Background technology
It is proposed with modern ac drive control theory with promote and the development of power electronic devices, with asynchronous machine and
Synchronous motor is that the AC power dragging system of main control object is gradually adjusted from non-dimmable speed to adjustable speed even high-precision
Fast direction transition, and increasingly focus on the power savings such as system energy utilization rate.High-performance speed governing has become AC power and drags
The development trend of dynamic system.To reach accurate speed governing and energy-efficient purpose, closed-loop control need to be carried out to motor speed, need to obtain thus
Take the real-time rotary speed information of motor, such as with the universal frequency converter wind turbine of device, water pump system and tesla's pure electric vehicle vapour in order to control
Vehicle power-driven system.
Usually using the rotary speed information for being installed at speed probe on motor body and obtaining motor, at present on the market for
The speed probe of selection has photoelectric encoder, rotary encoder and novel magnetic coder etc..Luminous point encoder using grid with
Infrared emission/reception can take rotary speed information incremental form output or absolute form to export pipe structure.Because grid belongs to essence
Accessory is processed, is easy to be failed by such environmental effects in use, such as temperature, humidity and dust concentration.In addition
There is the concentricity problem with motor in photoelectric encoder, rotary encoder, magnetic coder belongs to integrated component, to environment such as temperature
Factor it is more demanding.In short, the increase of these devices undoubtedly makes system reliability reduce, asynchronous machine script structure is lost
Simply, the advantages such as reliable operation also add the hardware cost of system in addition.

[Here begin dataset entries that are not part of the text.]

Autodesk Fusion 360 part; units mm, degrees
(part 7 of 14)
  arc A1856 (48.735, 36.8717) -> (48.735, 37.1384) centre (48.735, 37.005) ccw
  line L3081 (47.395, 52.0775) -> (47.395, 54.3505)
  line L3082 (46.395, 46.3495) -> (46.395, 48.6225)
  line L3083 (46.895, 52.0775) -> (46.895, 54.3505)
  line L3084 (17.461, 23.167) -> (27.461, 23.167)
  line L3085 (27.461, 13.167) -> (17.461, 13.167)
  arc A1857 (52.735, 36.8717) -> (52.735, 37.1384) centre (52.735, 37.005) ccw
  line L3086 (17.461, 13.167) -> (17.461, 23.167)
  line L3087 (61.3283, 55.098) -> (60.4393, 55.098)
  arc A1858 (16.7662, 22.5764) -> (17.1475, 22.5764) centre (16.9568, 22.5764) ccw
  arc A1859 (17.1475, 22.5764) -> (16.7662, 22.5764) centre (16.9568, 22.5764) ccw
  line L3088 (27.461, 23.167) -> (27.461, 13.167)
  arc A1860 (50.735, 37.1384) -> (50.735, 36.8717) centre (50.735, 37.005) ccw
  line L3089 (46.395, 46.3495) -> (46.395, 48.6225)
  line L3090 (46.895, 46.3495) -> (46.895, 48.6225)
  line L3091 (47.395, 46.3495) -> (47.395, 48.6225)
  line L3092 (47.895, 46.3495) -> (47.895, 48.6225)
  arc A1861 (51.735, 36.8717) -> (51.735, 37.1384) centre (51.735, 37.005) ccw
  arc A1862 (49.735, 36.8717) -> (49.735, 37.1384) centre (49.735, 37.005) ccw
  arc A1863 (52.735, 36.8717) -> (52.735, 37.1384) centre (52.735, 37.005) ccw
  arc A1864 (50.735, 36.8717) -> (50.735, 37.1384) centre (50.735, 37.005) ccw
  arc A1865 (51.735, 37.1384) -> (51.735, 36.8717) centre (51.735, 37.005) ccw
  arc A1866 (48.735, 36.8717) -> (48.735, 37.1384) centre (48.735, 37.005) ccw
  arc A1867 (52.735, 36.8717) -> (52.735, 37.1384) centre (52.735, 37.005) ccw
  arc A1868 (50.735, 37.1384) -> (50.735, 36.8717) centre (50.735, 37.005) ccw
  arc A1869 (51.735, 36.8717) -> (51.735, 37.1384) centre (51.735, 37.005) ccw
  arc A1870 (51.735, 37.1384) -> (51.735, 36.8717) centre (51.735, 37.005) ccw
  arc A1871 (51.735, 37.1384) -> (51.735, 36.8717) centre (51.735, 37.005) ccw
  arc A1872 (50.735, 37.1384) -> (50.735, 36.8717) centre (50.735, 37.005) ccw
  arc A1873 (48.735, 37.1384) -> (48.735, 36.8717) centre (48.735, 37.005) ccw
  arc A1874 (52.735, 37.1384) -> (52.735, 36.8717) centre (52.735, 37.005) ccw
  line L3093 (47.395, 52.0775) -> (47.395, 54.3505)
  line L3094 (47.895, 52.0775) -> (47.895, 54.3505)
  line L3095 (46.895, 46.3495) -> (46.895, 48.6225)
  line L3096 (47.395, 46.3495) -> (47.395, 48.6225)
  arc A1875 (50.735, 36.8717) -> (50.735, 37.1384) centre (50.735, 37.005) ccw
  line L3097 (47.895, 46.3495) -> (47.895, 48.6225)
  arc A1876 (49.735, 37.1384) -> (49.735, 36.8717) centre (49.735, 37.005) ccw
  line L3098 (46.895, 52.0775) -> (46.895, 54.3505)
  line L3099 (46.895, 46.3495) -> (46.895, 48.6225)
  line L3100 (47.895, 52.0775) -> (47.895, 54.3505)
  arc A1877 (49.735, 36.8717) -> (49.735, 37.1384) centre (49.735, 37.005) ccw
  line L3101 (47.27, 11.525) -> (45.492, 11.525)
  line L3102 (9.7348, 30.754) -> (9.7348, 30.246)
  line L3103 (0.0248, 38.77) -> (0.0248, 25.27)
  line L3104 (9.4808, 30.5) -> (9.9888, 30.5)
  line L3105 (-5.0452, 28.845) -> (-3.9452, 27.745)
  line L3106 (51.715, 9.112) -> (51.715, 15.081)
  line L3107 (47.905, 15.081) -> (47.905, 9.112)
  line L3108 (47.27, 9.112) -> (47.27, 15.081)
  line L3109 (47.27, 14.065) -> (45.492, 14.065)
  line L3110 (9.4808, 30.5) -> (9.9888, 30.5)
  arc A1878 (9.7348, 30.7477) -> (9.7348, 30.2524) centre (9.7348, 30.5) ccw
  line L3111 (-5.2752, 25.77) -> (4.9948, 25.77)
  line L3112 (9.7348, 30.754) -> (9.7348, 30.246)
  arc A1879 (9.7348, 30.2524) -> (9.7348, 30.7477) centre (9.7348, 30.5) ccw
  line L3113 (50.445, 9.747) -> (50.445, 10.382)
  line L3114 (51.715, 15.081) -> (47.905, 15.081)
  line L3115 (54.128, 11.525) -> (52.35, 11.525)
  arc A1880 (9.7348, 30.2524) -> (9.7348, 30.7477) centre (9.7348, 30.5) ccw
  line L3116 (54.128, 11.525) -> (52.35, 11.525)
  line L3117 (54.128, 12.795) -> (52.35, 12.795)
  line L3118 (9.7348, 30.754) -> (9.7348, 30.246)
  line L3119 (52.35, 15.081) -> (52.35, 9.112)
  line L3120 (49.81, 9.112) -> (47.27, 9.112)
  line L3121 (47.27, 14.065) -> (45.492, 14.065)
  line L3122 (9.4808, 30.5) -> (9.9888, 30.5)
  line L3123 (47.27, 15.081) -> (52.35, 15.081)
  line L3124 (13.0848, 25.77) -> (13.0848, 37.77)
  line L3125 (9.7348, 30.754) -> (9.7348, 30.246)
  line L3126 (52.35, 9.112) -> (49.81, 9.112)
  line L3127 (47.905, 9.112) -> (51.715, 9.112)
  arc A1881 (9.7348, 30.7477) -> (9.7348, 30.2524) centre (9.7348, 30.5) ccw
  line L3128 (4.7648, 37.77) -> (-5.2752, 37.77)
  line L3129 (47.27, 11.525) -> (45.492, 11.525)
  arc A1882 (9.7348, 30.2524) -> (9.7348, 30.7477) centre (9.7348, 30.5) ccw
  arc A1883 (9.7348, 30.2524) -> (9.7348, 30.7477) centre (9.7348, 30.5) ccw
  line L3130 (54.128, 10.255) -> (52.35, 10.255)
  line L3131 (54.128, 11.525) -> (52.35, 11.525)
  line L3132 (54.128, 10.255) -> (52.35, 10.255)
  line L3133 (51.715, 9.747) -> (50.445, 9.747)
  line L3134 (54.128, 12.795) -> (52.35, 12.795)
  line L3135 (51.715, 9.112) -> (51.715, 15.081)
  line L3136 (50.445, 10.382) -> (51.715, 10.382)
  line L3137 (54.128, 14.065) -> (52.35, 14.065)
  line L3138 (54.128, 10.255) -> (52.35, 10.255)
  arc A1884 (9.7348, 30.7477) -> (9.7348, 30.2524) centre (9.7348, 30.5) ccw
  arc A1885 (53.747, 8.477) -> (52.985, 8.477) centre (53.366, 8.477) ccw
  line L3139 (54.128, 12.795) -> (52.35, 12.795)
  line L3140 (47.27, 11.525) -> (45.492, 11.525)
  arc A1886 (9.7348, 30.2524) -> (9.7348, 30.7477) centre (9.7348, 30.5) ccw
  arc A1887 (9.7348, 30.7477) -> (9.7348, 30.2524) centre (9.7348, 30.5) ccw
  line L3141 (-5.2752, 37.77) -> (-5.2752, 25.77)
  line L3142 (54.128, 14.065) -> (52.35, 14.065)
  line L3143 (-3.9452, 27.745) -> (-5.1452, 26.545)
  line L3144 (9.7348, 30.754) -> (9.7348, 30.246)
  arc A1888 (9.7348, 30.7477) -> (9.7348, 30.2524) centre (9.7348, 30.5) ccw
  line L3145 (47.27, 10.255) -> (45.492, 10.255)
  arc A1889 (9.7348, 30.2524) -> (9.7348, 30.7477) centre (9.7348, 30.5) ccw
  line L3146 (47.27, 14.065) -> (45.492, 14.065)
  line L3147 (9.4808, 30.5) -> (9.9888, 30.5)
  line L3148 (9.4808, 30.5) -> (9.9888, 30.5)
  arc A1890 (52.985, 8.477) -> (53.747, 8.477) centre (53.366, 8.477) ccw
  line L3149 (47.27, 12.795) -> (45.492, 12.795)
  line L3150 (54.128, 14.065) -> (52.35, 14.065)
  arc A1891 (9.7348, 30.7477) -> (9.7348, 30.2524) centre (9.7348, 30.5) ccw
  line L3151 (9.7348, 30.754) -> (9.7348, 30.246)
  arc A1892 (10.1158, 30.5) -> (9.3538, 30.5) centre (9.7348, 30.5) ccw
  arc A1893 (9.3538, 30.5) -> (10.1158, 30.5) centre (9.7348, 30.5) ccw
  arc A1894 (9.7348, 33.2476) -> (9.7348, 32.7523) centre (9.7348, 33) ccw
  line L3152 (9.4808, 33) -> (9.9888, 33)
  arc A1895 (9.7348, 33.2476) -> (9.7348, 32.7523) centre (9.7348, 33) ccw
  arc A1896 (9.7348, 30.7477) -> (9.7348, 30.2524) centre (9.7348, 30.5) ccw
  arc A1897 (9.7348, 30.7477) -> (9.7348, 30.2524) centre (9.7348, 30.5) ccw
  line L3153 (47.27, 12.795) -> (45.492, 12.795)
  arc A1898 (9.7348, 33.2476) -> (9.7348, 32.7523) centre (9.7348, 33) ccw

Inconvenient and failure risk, state's dispatch from foreign news agency are installed to solve the problems, such as that speed probe is existing in actual application
The engineer of machine controller factory has carried out Speedless sensor experiment.This technology is intended to through motor mathematical model itself
Or the methods of establish observer and rotating speed is estimated, to obtain rotary speed information;When using the MRAS methods of rotor flux,
Since there are pure integral operationes for the reference models of MRAS methods, the accumulation of error and dc shift can be led to, and in electricity
When machine low-speed running, observed quantity amplitude and phase error make the accuracy of flux linkage orientation be deteriorated.
Invention content
The present invention is to carry out to solve the above-mentioned problems, and it is an object of the present invention to provide a kind of tachometer based on rotor flux
Algorithm is calculated, for improving rotor orientation accuracy.
The present invention provides a kind of rotating speed computational algorithm based on rotor flux, has the feature that, including following step
Suddenly:Step 1, after stator voltage and stator resistance and stator current product are calculated and stator inductance LsStator inductance isProduct
It is poor to make, and obtains the rotor flux calculated value in static two phase coordinates;The cutoff frequency adjusted in real time is substituted into compensation rate by step 2
Calculation formula, and using obtained numerical value as compensation magnetic linkage value;Step 3, according to rotor flux calculated value and compensation magnetic linkage value
The current rotor magnetic linkage value under current exciting current is calculated;Step 4, according to rotor flux α, beta -axis component, stator resistance,
Adjustable rotor magnetic linkage value is calculated in inductor rotor and mutual inductance, stator inductance, differential operator;Step 5, according to current rotor magnetic
The rotating speed of motor is calculated in chain value and adjustable rotor magnetic linkage value.
In the rotating speed computational algorithm provided by the invention based on rotor flux, it can also have the feature that:Wherein,
The calculation formula of rotor flux calculated value is:
ψrFor rotor flux, usFor stator voltage vector, isFor stator current vector, RsFor stator resistance, LrFor rotor electricity
Sense, LmFor mutual inductance,
LsFor stator inductance.
In the rotating speed computational algorithm provided by the invention based on rotor flux, it can also have the feature that:Wherein,
Compensation rate calculation formula is
ωcFor cutoff frequency.
In the rotating speed computational algorithm provided by the invention based on rotor flux, it can also have the feature that:Wherein,
Current rotor magnetic linkage value is
For synchronizing frequency calculated value, It is cut to be calculated according to synchronizing frequency
The only function of frequency.
The effect of invention
According to the rotating speed computational algorithm according to the present invention based on rotor flux, because of the cutoff frequency that will be adjusted in real time
Compensation rate calculation formula is substituted into, and using obtained numerical value as compensation magnetic linkage value, so, it is of the invention to be turned based on rotor flux
Fast computational algorithm magnetic linkage value and adjusts cutoff frequency in real time by the way that compensation is added to current rotor magnetic linkage value is calculated, not only
Can be obviously improved the observed result of system rotor magnetic linkage, and then improve the accuracy of motor speed estimated value, can also meet compared with
Accurate speed governing requirement in wide velocity interval.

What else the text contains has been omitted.